Sepanjang berlangsungnya Piala Dunia tercatat sejumlah negara berhasil menjajal event terakbar di dunia. 

Ada yang memukau dan buat kejuatan dan banyak juga hancur lebur seperti prediksi banyak orang. Indonesia misalnya sewaktu masih bernama Hindia Belana di Piala Dunia 1938 langsung tersingkir setela dihancurkan Hungaria. 

Begitu juga dengan Kuba yang sama-sama dengan Hindia Belanda lakoni laga debut di Piala Dunia 1938. Tapi Kuba masih lebih baik tersingkir di babak perempatfinal di tangan Swedia. Sebelumnya Kuba mampu kalahkan Rumania lewat drama adu penalti setelah di waktu normal bermain imbang 3-3. 

Inggris yang mengusung football its coming home di Piala Dunia 2018 ini juga alami nasib tak mengenakkan saat jalani debut di Piala Dunia 1950. Inggris tersingkir di babak fase grup.
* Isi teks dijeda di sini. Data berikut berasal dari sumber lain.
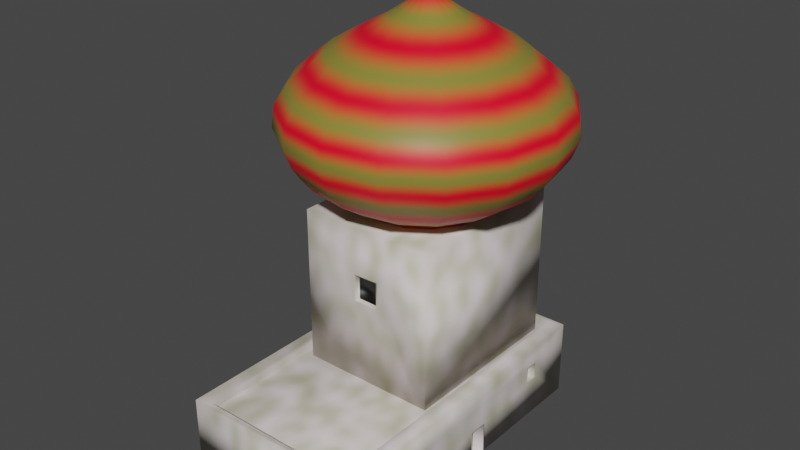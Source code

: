 # Source: arabian_house4.blend  (saved by Blender 3.3.6; exported with 4.5.12 LTS)
import bpy
from mathutils import Matrix  # noqa: F401  (used for matrix-valued properties, if any)

bpy.ops.wm.read_factory_settings(use_empty=True)
scene = bpy.context.scene
scene.name = 'Scene'

# ---- collections
col_collection = bpy.data.collections.new('Collection'); scene.collection.children.link(col_collection)

# ---- images (referenced by path relative to the original .blend; pixels are not part of the script)
import os
ASSET_DIR = os.environ.get("B2B_ASSET_DIR", "")  # directory of the original .blend (textures are referenced by path, not embedded)
HERE = os.path.dirname(os.path.abspath(__file__))  # packed textures are extracted next to this script under _unpacked/

def load_image(name, relpath, width, height, colorspace="sRGB"):
    """Load a texture the original file referenced (path relative to the .blend, or extracted next to this script)."""
    p = next((c for c in (os.path.join(HERE, relpath), os.path.join(ASSET_DIR, relpath)) if relpath and os.path.exists(c)), "")
    if p:
        img = bpy.data.images.load(p, check_existing=True)
        img.name = name
    else:  # same state as the original file: an image datablock whose file is absent (Cycles renders it pink)
        img = bpy.data.images.new(name, width, height)
        img.source = "FILE"
        img.filepath = "//" + (relpath or name)
    img.colorspace_settings.name = colorspace
    return img
img_arabianhousetilewithonion = load_image('ArabianHouseTileWithOnion', 'ArabianHouseTileWithOnion.png', 1024, 1024, 'sRGB')

# ---- materials (node trees are filled in below, after node groups)
mat_tilematerial = bpy.data.materials.new('TileMaterial')
mat_tilematerial.alpha_threshold = 0.0
mat_tilematerial.roughness = 0.5
mat_tilematerial.line_color = (0.0, 0.0, 0.0, 1.0)
mat_holematerial = bpy.data.materials.new('HoleMaterial')
mat_domematerial = bpy.data.materials.new('DomeMaterial')

# ---- material node trees
mat_tilematerial.use_nodes = True; mat_tilematerial.node_tree.nodes.clear()
_N = mat_tilematerial.node_tree.nodes; _L = mat_tilematerial.node_tree.links
n0 = _N.new('ShaderNodeOutputMaterial'); n0.name = 'Material Output'; n0.location = (371, 300)
n1 = _N.new('ShaderNodeBsdfPrincipled'); n1.name = 'Principled BSDF'; n1.location = (81, 300)
n1.distribution = 'GGX'
n1.subsurface_method = 'RANDOM_WALK_SKIN'
n1.inputs[3].default_value = 1.45
n1.inputs[27].default_value = (0.0, 0.0, 0.0, 1.0)
n1.inputs[28].default_value = 1.0
n2 = _N.new('ShaderNodeTexNoise'); n2.name = 'Noise Texture'; n2.location = (-604, 191)
n2.inputs[2].default_value = 15.0
n2.inputs[3].default_value = 0.3
n2.inputs[4].default_value = 0.0
n3 = _N.new('ShaderNodeValToRGB'); n3.name = 'ColorRamp'; n3.location = (-294, 209)
while len(n3.color_ramp.elements) > 1: n3.color_ramp.elements.remove(n3.color_ramp.elements[-1])
n3.color_ramp.elements[0].position = 0.1045; n3.color_ramp.elements[0].color = (0.3988, 0.3955, 0.2228, 1.0)
_e = n3.color_ramp.elements.new(1.0); _e.color = (1.0, 0.8761, 0.9681, 1.0)
n4 = _N.new('ShaderNodeTexImage'); n4.name = 'Image Texture'; n4.location = (504, 105)
n4.image = img_arabianhousetilewithonion
_L.new(n1.outputs[0], n0.inputs[0])
_L.new(n3.outputs[0], n1.inputs[0])
_L.new(n2.outputs[1], n3.inputs[0])
n0.is_active_output = True
mat_holematerial.use_nodes = True; mat_holematerial.node_tree.nodes.clear()
_N = mat_holematerial.node_tree.nodes; _L = mat_holematerial.node_tree.links
n0 = _N.new('ShaderNodeBsdfPrincipled'); n0.name = 'Principled BSDF'; n0.location = (10, 300)
n0.distribution = 'GGX'
n0.subsurface_method = 'RANDOM_WALK_SKIN'
n0.inputs[0].default_value = (0.0, 0.0, 0.0, 1.0)
n0.inputs[3].default_value = 1.45
n0.inputs[27].default_value = (0.0, 0.0, 0.0, 1.0)
n0.inputs[28].default_value = 1.0
n1 = _N.new('ShaderNodeOutputMaterial'); n1.name = 'Material Output'; n1.location = (300, 300)
n2 = _N.new('ShaderNodeTexImage'); n2.name = 'Image Texture'; n2.location = (410, 158)
n2.image = img_arabianhousetilewithonion
_L.new(n0.outputs[0], n1.inputs[0])
n1.is_active_output = True
mat_domematerial.use_nodes = True; mat_domematerial.node_tree.nodes.clear()
_N = mat_domematerial.node_tree.nodes; _L = mat_domematerial.node_tree.links
n0 = _N.new('ShaderNodeBsdfPrincipled'); n0.name = 'Principled BSDF'; n0.location = (10, 300)
n0.distribution = 'GGX'
n0.subsurface_method = 'RANDOM_WALK_SKIN'
n0.inputs[3].default_value = 1.45
n0.inputs[27].default_value = (0.0, 0.0, 0.0, 1.0)
n0.inputs[28].default_value = 1.0
n1 = _N.new('ShaderNodeOutputMaterial'); n1.name = 'Material Output'; n1.location = (300, 300)
n2 = _N.new('ShaderNodeValToRGB'); n2.name = 'ColorRamp'; n2.location = (-321, 207)
while len(n2.color_ramp.elements) > 1: n2.color_ramp.elements.remove(n2.color_ramp.elements[-1])
n2.color_ramp.elements[0].position = 0.0; n2.color_ramp.elements[0].color = (0.2506, 0.228, 0.03716, 1.0)
_e = n2.color_ramp.elements.new(1.0); _e.color = (1.0, 0.0, 0.02023, 1.0)
n3 = _N.new('ShaderNodeTexWave'); n3.name = 'Wave Texture'; n3.location = (-714, 72)
n3.bands_direction = 'Z'
n3.rings_direction = 'Z'
n3.inputs[1].default_value = 4.1
n3.inputs[3].default_value = 8.0
n3.inputs[5].default_value = 0.0
n3.inputs[6].default_value = 4.1
n4 = _N.new('ShaderNodeTexImage'); n4.name = 'Image Texture'; n4.location = (602, 117)
n4.image = img_arabianhousetilewithonion
_L.new(n0.outputs[0], n1.inputs[0])
_L.new(n2.outputs[0], n0.inputs[0])
_L.new(n3.outputs[0], n2.inputs[0])
n1.is_active_output = True

# ---- world
world_world = bpy.data.worlds.new('World'); scene.world = world_world
world_world.use_nodes = True; world_world.node_tree.nodes.clear()
_N = world_world.node_tree.nodes; _L = world_world.node_tree.links
n0 = _N.new('ShaderNodeOutputWorld'); n0.name = 'World Output'; n0.location = (300, 300)
n1 = _N.new('ShaderNodeBackground'); n1.name = 'Background'; n1.location = (10, 300)
n1.inputs[0].default_value = (0.05088, 0.05088, 0.05088, 1.0)
_L.new(n1.outputs[0], n0.inputs[0])
n0.is_active_output = True
world_world.color = (0.05088, 0.05088, 0.05088)
world_world.use_sun_shadow = False
world_world.sun_shadow_jitter_overblur = 0.0

# ---- meshes
me_cube = bpy.data.meshes.new('Cube')
me_cube.from_pydata([(-2.489, -1.072, -0.839), (-1.979, -0.8604, 5.04), (-2.489, 9.882, -0.839), (-1.979, 9.671, 5.04), (3.876, -1.072, -0.839), (3.366, -0.8604, 5.04), (3.876, 9.882, -0.839), (3.366, 9.671, 5.04), (-2.489, -1.072, 5.04), (-2.489, 9.882, 5.04), (3.876, 9.882, 5.04), (3.876, -1.072, 5.04), (-1.979, -0.8604, 4.052), (-1.979, 9.671, 4.052), (3.366, 9.671, 4.052), (3.366, -0.8604, 4.052), (-1.979, -0.8604, 4.464), (-1.979, 9.671, 4.464), (3.366, 9.671, 4.464), (3.366, -0.8604, 4.464), (3.876, 4.747, -0.7726), (3.876, 5.326, -0.7726), (3.876, 4.747, 1.55), (3.876, 5.326, 1.55), (3.876, 4.681, -0.839), (3.876, 5.393, -0.839), (3.876, 4.681, 1.617), (3.876, 5.393, 1.617), (3.097, 4.747, -0.7726), (3.097, 5.326, -0.7726), (3.097, 4.747, 1.55), (3.097, 5.326, 1.55), (3.876, 1.318, 3.108), (3.876, 1.318, 0.9368), (3.876, 2.371, 0.923), (3.876, 2.367, 3.078), (3.876, 7.784, 2.229), (3.876, 7.784, 3.452), (3.876, 8.194, 3.452), (3.876, 8.194, 2.21), (-2.489, 5.843, 2.113), (-2.489, 5.843, 3.387), (-2.489, 5.331, 3.387), (-2.489, 5.331, 2.084), (3.876, 1.237, 3.191), (3.876, 1.237, 0.8567), (3.876, 2.453, 0.8408), (3.876, 2.448, 3.156), (3.545, 1.318, 3.108), (3.545, 1.318, 0.9368), (3.545, 2.371, 0.923), (3.545, 2.367, 3.078), (-2.489, 5.911, 2.049), (-2.489, 5.911, 3.454), (-2.489, 5.263, 3.454), (-2.489, 5.263, 2.013), (-2.282, 5.843, 2.113), (-2.282, 5.843, 3.387), (-2.282, 5.331, 3.387), (-2.282, 5.331, 2.084), (3.876, 7.731, 2.179), (3.876, 7.731, 3.505), (3.876, 8.248, 3.505), (3.876, 8.248, 2.154), (3.269, 7.784, 2.229), (3.269, 7.784, 3.452), (3.269, 8.194, 3.452), (3.269, 8.194, 2.21), (-1.694, 3.302, 3.329), (-1.694, 3.302, 16.5), (-1.694, 9.38, 3.329), (-1.694, 9.38, 16.5), (3.059, 3.302, 3.329), (3.059, 3.302, 16.5), (3.059, 9.38, 3.329), (3.059, 9.38, 16.5), (0.6252, 8.576, 15.36), (0.6252, 8.576, 16.84), (-0.2161, 8.405, 15.36), (-0.2161, 8.405, 16.84), (-0.9293, 7.921, 15.36), (-0.9293, 7.921, 16.84), (-1.406, 7.196, 15.36), (-1.406, 7.196, 16.84), (-1.573, 6.34, 15.36), (-1.573, 6.34, 16.84), (-1.406, 5.485, 15.36), (-1.406, 5.485, 16.84), (-0.9293, 4.76, 15.36), (-0.9293, 4.76, 16.84), (-0.2161, 4.275, 15.36), (-0.2161, 4.275, 16.84), (0.6252, 4.105, 15.36), (0.6252, 4.105, 16.84), (1.466, 4.275, 15.36), (1.466, 4.275, 16.84), (2.18, 4.76, 15.36), (2.18, 4.76, 16.84), (2.656, 5.485, 15.36), (2.656, 5.485, 16.84), (2.824, 6.34, 15.36), (2.824, 6.34, 16.84), (2.656, 7.196, 15.36), (2.656, 7.196, 16.84), (2.18, 7.921, 15.36), (2.18, 7.921, 16.84), (1.466, 8.405, 15.36), (1.466, 8.405, 16.84), (-0.4921, 9.083, 17.53), (0.6252, 9.309, 17.53), (-1.439, 8.439, 17.53), (-2.072, 7.476, 17.53), (-2.294, 6.34, 17.53), (-2.072, 5.204, 17.53), (-1.439, 4.241, 17.53), (-0.4921, 3.598, 17.53), (0.6252, 3.372, 17.53), (1.742, 3.598, 17.53), (2.69, 4.241, 17.53), (3.323, 5.204, 17.53), (3.545, 6.34, 17.53), (3.323, 7.476, 17.53), (2.69, 8.439, 17.53), (1.742, 9.083, 17.53), (-0.8464, 9.952, 18.92), (0.6252, 10.25, 18.92), (-2.094, 9.105, 18.92), (-2.928, 7.837, 18.92), (-3.22, 6.34, 18.92), (-2.928, 4.844, 18.92), (-2.094, 3.576, 18.92), (-0.8464, 2.728, 18.92), (0.6252, 2.431, 18.92), (2.097, 2.728, 18.92), (3.344, 3.576, 18.92), (4.178, 4.844, 18.92), (4.471, 6.34, 18.92), (4.178, 7.837, 18.92), (3.344, 9.105, 18.92), (2.097, 9.952, 18.92), (-0.9786, 10.28, 19.87), (0.6252, 10.6, 19.87), (-2.338, 9.353, 19.87), (-3.247, 7.971, 19.87), (-3.566, 6.34, 19.87), (-3.247, 4.71, 19.87), (-2.338, 3.327, 19.87), (-0.9786, 2.404, 19.87), (0.6252, 2.079, 19.87), (2.229, 2.404, 19.87), (3.589, 3.327, 19.87), (4.497, 4.71, 19.87), (4.816, 6.34, 19.87), (4.497, 7.971, 19.87), (3.589, 9.353, 19.87), (2.229, 10.28, 19.87), (-1.082, 10.53, 20.76), (0.6252, 10.88, 20.76), (-2.529, 9.548, 20.76), (-3.496, 8.076, 20.76), (-3.836, 6.34, 20.76), (-3.496, 4.605, 20.76), (-2.529, 3.133, 20.76), (-1.082, 2.15, 20.76), (0.6252, 1.805, 20.76), (2.332, 2.15, 20.76), (3.78, 3.133, 20.76), (4.747, 4.605, 20.76), (5.086, 6.34, 20.76), (4.747, 8.076, 20.76), (3.78, 9.548, 20.76), (2.332, 10.53, 20.76), (-1.175, 10.76, 22.21), (0.6252, 11.12, 22.21), (-2.701, 9.723, 22.21), (-3.721, 8.171, 22.21), (-4.079, 6.34, 22.21), (-3.721, 4.51, 22.21), (-2.701, 2.958, 22.21), (-1.175, 1.921, 22.21), (0.6252, 1.557, 22.21), (2.426, 1.921, 22.21), (3.952, 2.958, 22.21), (4.972, 4.51, 22.21), (5.33, 6.34, 22.21), (4.972, 8.171, 22.21), (3.952, 9.723, 22.21), (2.426, 10.76, 22.21), (-1.145, 10.69, 23.76), (0.6252, 11.04, 23.76), (-2.646, 9.666, 23.76), (-3.648, 8.14, 23.76), (-4.001, 6.34, 23.76), (-3.648, 4.541, 23.76), (-2.646, 3.015, 23.76), (-1.145, 1.995, 23.76), (0.6252, 1.637, 23.76), (2.395, 1.995, 23.76), (3.896, 3.015, 23.76), (4.899, 4.541, 23.76), (5.251, 6.34, 23.76), (4.899, 8.14, 23.76), (3.896, 9.666, 23.76), (2.395, 10.69, 23.76), (-1.009, 10.35, 25.14), (0.6252, 10.68, 25.14), (-2.394, 9.41, 25.14), (-3.32, 8.002, 25.14), (-3.645, 6.34, 25.14), (-3.32, 4.679, 25.14), (-2.394, 3.27, 25.14), (-1.009, 2.329, 25.14), (0.6252, 1.999, 25.14), (2.259, 2.329, 25.14), (3.645, 3.27, 25.14), (4.57, 4.679, 25.14), (4.895, 6.34, 25.14), (4.57, 8.002, 25.14), (3.645, 9.41, 25.14), (2.259, 10.35, 25.14), (-0.5276, 9.17, 27.49), (0.6252, 9.403, 27.49), (-1.505, 8.506, 27.49), (-2.158, 7.512, 27.49), (-2.387, 6.34, 27.49), (-2.158, 5.168, 27.49), (-1.505, 4.175, 27.49), (-0.5276, 3.511, 27.49), (0.6252, 3.278, 27.49), (1.778, 3.511, 27.49), (2.755, 4.175, 27.49), (3.408, 5.168, 27.49), (3.638, 6.34, 27.49), (3.408, 7.512, 27.49), (2.755, 8.506, 27.49), (1.778, 9.17, 27.49), (0.1226, 7.574, 29.59), (0.6252, 7.676, 29.59), (-0.3034, 7.285, 29.59), (-0.5881, 6.851, 29.59), (-0.6881, 6.34, 29.59), (-0.5881, 5.829, 29.59), (-0.3034, 5.396, 29.59), (0.1226, 5.107, 29.59), (0.6252, 5.005, 29.59), (1.128, 5.107, 29.59), (1.554, 5.396, 29.59), (1.838, 5.829, 29.59), (1.938, 6.34, 29.59), (1.838, 6.851, 29.59), (1.554, 7.285, 29.59), (1.128, 7.574, 29.59), (0.555, 6.513, 31.27), (0.6252, 6.527, 31.27), (0.4956, 6.472, 31.27), (0.4558, 6.412, 31.27), (0.4419, 6.34, 31.27), (0.4558, 6.269, 31.27), (0.4956, 6.209, 31.27), (0.555, 6.168, 31.27), (0.6252, 6.154, 31.27), (0.6954, 6.168, 31.27), (0.7548, 6.209, 31.27), (0.7946, 6.269, 31.27), (0.8085, 6.34, 31.27), (0.7946, 6.412, 31.27), (0.7548, 6.472, 31.27), (0.6954, 6.513, 31.27), (0.6145, 6.367, 31.76), (0.6252, 6.369, 31.76), (0.6054, 6.361, 31.76), (0.5993, 6.351, 31.76), (0.5971, 6.34, 31.76), (0.5993, 6.329, 31.76), (0.6054, 6.32, 31.76), (0.6145, 6.314, 31.76), (0.6252, 6.312, 31.76), (0.6359, 6.314, 31.76), (0.6451, 6.32, 31.76), (0.6511, 6.329, 31.76), (0.6533, 6.34, 31.76), (0.6511, 6.351, 31.76), (0.6451, 6.361, 31.76), (0.6359, 6.367, 31.76), (0.2938, 3.302, 12.88), (0.2938, 3.302, 10.85), (1.109, 3.302, 10.83), (1.109, 3.302, 12.9), (0.2182, 3.302, 12.95), (0.2182, 3.302, 10.78), (1.185, 3.302, 10.75), (1.185, 3.302, 12.98), (0.2938, 3.478, 12.88), (0.2938, 3.478, 10.85), (1.109, 3.478, 10.83), (1.109, 3.478, 12.9), (-1.694, 8.448, 6.257), (-1.694, 8.448, 8.064), (-1.694, 7.96, 8.064), (-1.694, 7.96, 6.251), (0.9788, 9.38, 12.01), (0.9788, 9.38, 9.483), (0.2533, 9.38, 9.483), (0.2533, 9.38, 12.0), (1.085, 9.38, 12.11), (1.085, 9.38, 9.376), (0.1467, 9.38, 9.376), (0.1467, 9.38, 12.11), (0.9788, 9.143, 12.01), (0.9788, 9.143, 9.483), (0.2533, 9.143, 9.483), (0.2533, 9.143, 12.0), (-1.694, 8.535, 6.17), (-1.694, 8.535, 8.151), (-1.694, 7.872, 8.151), (-1.694, 7.872, 6.162), (-1.56, 8.448, 6.257), (-1.56, 8.448, 8.064), (-1.56, 7.96, 8.064), (-1.56, 7.96, 6.251)], [], [(0, 8, 54, 55, 52, 2), (2, 9, 10, 6), (6, 10, 62, 63, 60, 47, 46, 26, 27, 25), (4, 11, 8, 0), (2, 6, 25, 24, 4, 0), (5, 7, 14, 15), (1, 3, 9, 8), (3, 7, 10, 9), (7, 5, 11, 10), (5, 1, 8, 11), (13, 12, 16, 17), (3, 1, 12, 13), (1, 5, 15, 12), (7, 3, 13, 14), (18, 17, 16, 19), (12, 15, 19, 16), (14, 13, 17, 18), (15, 14, 18, 19), (23, 22, 30, 31), (21, 20, 24, 25), (20, 22, 26, 24), (22, 23, 27, 26), (23, 21, 25, 27), (29, 31, 30, 28), (20, 21, 29, 28), (21, 23, 31, 29), (22, 20, 28, 30), (26, 46, 45, 44, 11, 4, 24), (35, 32, 48, 51), (47, 60, 61, 62, 10, 11, 44), (39, 38, 66, 67), (2, 52, 53, 54, 8, 9), (43, 42, 58, 59), (33, 32, 44, 45), (34, 33, 45, 46), (35, 34, 46, 47), (32, 35, 47, 44), (49, 50, 51, 48), (33, 34, 50, 49), (34, 35, 51, 50), (32, 33, 49, 48), (40, 41, 53, 52), (41, 42, 54, 53), (42, 43, 55, 54), (43, 40, 52, 55), (57, 56, 59, 58), (41, 40, 56, 57), (40, 43, 59, 56), (42, 41, 57, 58), (36, 37, 61, 60), (37, 38, 62, 61), (38, 39, 63, 62), (39, 36, 60, 63), (65, 64, 67, 66), (37, 36, 64, 65), (36, 39, 67, 64), (38, 37, 65, 66), (68, 69, 71, 70, 312, 313, 314), (70, 71, 307, 306, 305, 74), (74, 75, 73, 72), (72, 73, 291, 290, 289, 69, 68), (70, 74, 72, 68), (75, 71, 69, 73), (76, 77, 79, 78), (78, 79, 81, 80), (80, 81, 83, 82), (82, 83, 85, 84), (84, 85, 87, 86), (86, 87, 89, 88), (88, 89, 91, 90), (90, 91, 93, 92), (92, 93, 95, 94), (94, 95, 97, 96), (96, 97, 99, 98), (98, 99, 101, 100), (100, 101, 103, 102), (102, 103, 105, 104), (87, 85, 112, 113), (104, 105, 107, 106), (106, 107, 77, 76), (76, 78, 80, 82, 84, 86, 88, 90, 92, 94, 96, 98, 100, 102, 104, 106), (112, 111, 127, 128), (97, 95, 117, 118), (107, 105, 122, 123), (83, 81, 110, 111), (93, 91, 115, 116), (79, 77, 109, 108), (103, 101, 120, 121), (89, 87, 113, 114), (99, 97, 118, 119), (77, 107, 123, 109), (85, 83, 111, 112), (95, 93, 116, 117), (105, 103, 121, 122), (81, 79, 108, 110), (91, 89, 114, 115), (101, 99, 119, 120), (133, 132, 148, 149), (120, 119, 135, 136), (113, 112, 128, 129), (121, 120, 136, 137), (114, 113, 129, 130), (122, 121, 137, 138), (115, 114, 130, 131), (123, 122, 138, 139), (116, 115, 131, 132), (108, 109, 125, 124), (109, 123, 139, 125), (117, 116, 132, 133), (110, 108, 124, 126), (118, 117, 133, 134), (111, 110, 126, 127), (119, 118, 134, 135), (154, 153, 169, 170), (126, 124, 140, 142), (134, 133, 149, 150), (127, 126, 142, 143), (135, 134, 150, 151), (128, 127, 143, 144), (136, 135, 151, 152), (129, 128, 144, 145), (137, 136, 152, 153), (130, 129, 145, 146), (138, 137, 153, 154), (131, 130, 146, 147), (139, 138, 154, 155), (132, 131, 147, 148), (124, 125, 141, 140), (125, 139, 155, 141), (167, 166, 182, 183), (147, 146, 162, 163), (155, 154, 170, 171), (148, 147, 163, 164), (140, 141, 157, 156), (141, 155, 171, 157), (149, 148, 164, 165), (142, 140, 156, 158), (150, 149, 165, 166), (143, 142, 158, 159), (151, 150, 166, 167), (144, 143, 159, 160), (152, 151, 167, 168), (145, 144, 160, 161), (153, 152, 168, 169), (146, 145, 161, 162), (172, 173, 189, 188), (160, 159, 175, 176), (168, 167, 183, 184), (161, 160, 176, 177), (169, 168, 184, 185), (162, 161, 177, 178), (170, 169, 185, 186), (163, 162, 178, 179), (171, 170, 186, 187), (164, 163, 179, 180), (156, 157, 173, 172), (157, 171, 187, 173), (165, 164, 180, 181), (158, 156, 172, 174), (166, 165, 181, 182), (159, 158, 174, 175), (194, 193, 209, 210), (173, 187, 203, 189), (181, 180, 196, 197), (174, 172, 188, 190), (182, 181, 197, 198), (175, 174, 190, 191), (183, 182, 198, 199), (176, 175, 191, 192), (184, 183, 199, 200), (177, 176, 192, 193), (185, 184, 200, 201), (178, 177, 193, 194), (186, 185, 201, 202), (179, 178, 194, 195), (187, 186, 202, 203), (180, 179, 195, 196), (215, 214, 230, 231), (202, 201, 217, 218), (195, 194, 210, 211), (203, 202, 218, 219), (196, 195, 211, 212), (188, 189, 205, 204), (189, 203, 219, 205), (197, 196, 212, 213), (190, 188, 204, 206), (198, 197, 213, 214), (191, 190, 206, 207), (199, 198, 214, 215), (192, 191, 207, 208), (200, 199, 215, 216), (193, 192, 208, 209), (201, 200, 216, 217), (221, 235, 251, 237), (208, 207, 223, 224), (216, 215, 231, 232), (209, 208, 224, 225), (217, 216, 232, 233), (210, 209, 225, 226), (218, 217, 233, 234), (211, 210, 226, 227), (219, 218, 234, 235), (212, 211, 227, 228), (204, 205, 221, 220), (205, 219, 235, 221), (213, 212, 228, 229), (206, 204, 220, 222), (214, 213, 229, 230), (207, 206, 222, 223), (250, 249, 265, 266), (229, 228, 244, 245), (222, 220, 236, 238), (230, 229, 245, 246), (223, 222, 238, 239), (231, 230, 246, 247), (224, 223, 239, 240), (232, 231, 247, 248), (225, 224, 240, 241), (233, 232, 248, 249), (226, 225, 241, 242), (234, 233, 249, 250), (227, 226, 242, 243), (235, 234, 250, 251), (228, 227, 243, 244), (220, 221, 237, 236), (256, 255, 271, 272), (243, 242, 258, 259), (251, 250, 266, 267), (244, 243, 259, 260), (236, 237, 253, 252), (237, 251, 267, 253), (245, 244, 260, 261), (238, 236, 252, 254), (246, 245, 261, 262), (239, 238, 254, 255), (247, 246, 262, 263), (240, 239, 255, 256), (248, 247, 263, 264), (241, 240, 256, 257), (249, 248, 264, 265), (242, 241, 257, 258), (268, 269, 283, 282, 281, 280, 279, 278, 277, 276, 275, 274, 273, 272, 271, 270), (264, 263, 279, 280), (257, 256, 272, 273), (265, 264, 280, 281), (258, 257, 273, 274), (266, 265, 281, 282), (259, 258, 274, 275), (267, 266, 282, 283), (260, 259, 275, 276), (252, 253, 269, 268), (253, 267, 283, 269), (261, 260, 276, 277), (254, 252, 268, 270), (262, 261, 277, 278), (255, 254, 270, 271), (263, 262, 278, 279), (69, 289, 288, 291, 73), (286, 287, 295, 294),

Inggris disingkirkan Spanyol di babak fase grup. 

Saat sepakbola masih tradisional, tercatat hanya Italia (di luar Uruguay pada Piala Dunia 1930) yang mampu kejutkan banyak pihak setelah jalani debut di Piala Dunia 1934 dan keluar sebagai juara Piala Dunia. Di era modern, mungkin bisa dikatakan hanya Kroasia sebagai tim debutan terbaik di Piala Dunia. 

Prestasi itu ditorehkan negara pecahan Yugoslavia saat jalani debut di Piala Dunia 1998. Di Prancis, nama Kroasia 20 tahun silam begitu harum. Pecinta sepakbola saat itu yang awalnya tidak familiar dengan nama-nama seperti Mario Stanic, Dario Simic, Robert Jarni, Igor Tudor, Slaven Bilic, Silvio Maric hingga sang pelatih, Miroslav Blazevic mulai mencari tahu sepak terjang mereka. 

Wajar saja Kroasia saat itu datang ke Kroasia hanya dengan 'modal' dua pemain besar mereka, Boban yang sudah besar di AC Milan, dan Davor Suker yang bela Real Madrid. Kroasia pun datang ke Piala Dunia 1998 dengan status tak dianggap. 

Gebrakan tim kuda hitam 

Seolah ingin membalikkan prediksi semua orang saat itu, tim Kroasia pun mulai tunjukkan tajinya di pertandingan pertama. Tergabung di grup H bersama Jepang, Argentina, dan Jamaika, Kroasia seperti dikutip dari fifa.com catatkan kemenangan atas Jamaika dengan skor 3-1. 

Baca Juga: Qatar Diprediksi Kebanjiran Pelanggar Hukum Syariah Piala Dunia 2022, dari Larangan Miras Hingga Seks di Luar Nikah

Di laga kedua, Kroasia juga bertemu tim debutan lainnya, Jepang. Diprediksi bakal raih imbang, Kroasia malah raih poin penuh setelah gol tunggal Davor Suker pada menit ke-77. Kroasia pun lolos ke babak 16 besar. 

Sayangya berbeda dengan Timnas Kroasia saat ini, Kroasia 1998 di laga terakhir dengan Argentina justru menyerah 1-0. Lolos ke babak 16 besar sebagai runner up, Kroasia bertemu Rumania yang secara jam terbang lebih berpengalaman di Piala Dunia. 

Publik memprediksi langkah Kroasia akan berakhir di tangan Rumania. Apalagi Rumania saat itu diperkuat oleh Gheorghe Hagi dan sejumlah generasi emas mereka seperti Dan Petrescu, Gabriel Popescu, Viorel Moldovan hingga Andrian Ille. 

Kembali Kroasia membalikkan prediksi banyak orang dengan mampu memetik kemenangan. Gol tunggal Suker lewat titik putih di injury time babak kedua membawa Kroasia cetak sejarah baru lolos ke perempatfinal. 

Juara Ketiga Piala Dunia 1998

Di babak perempatfinal, Kroasia harus bertemu favorit juara, Jerman. Kembali publik saat itu menjagokan Jerman. Jerman saat itu juga diisi oleh pemain seperti Jurgen Klinsmann dan Oliver Bierhoff, namun kembali prediksi di atas kertas tak berlaku bagi Kroasia.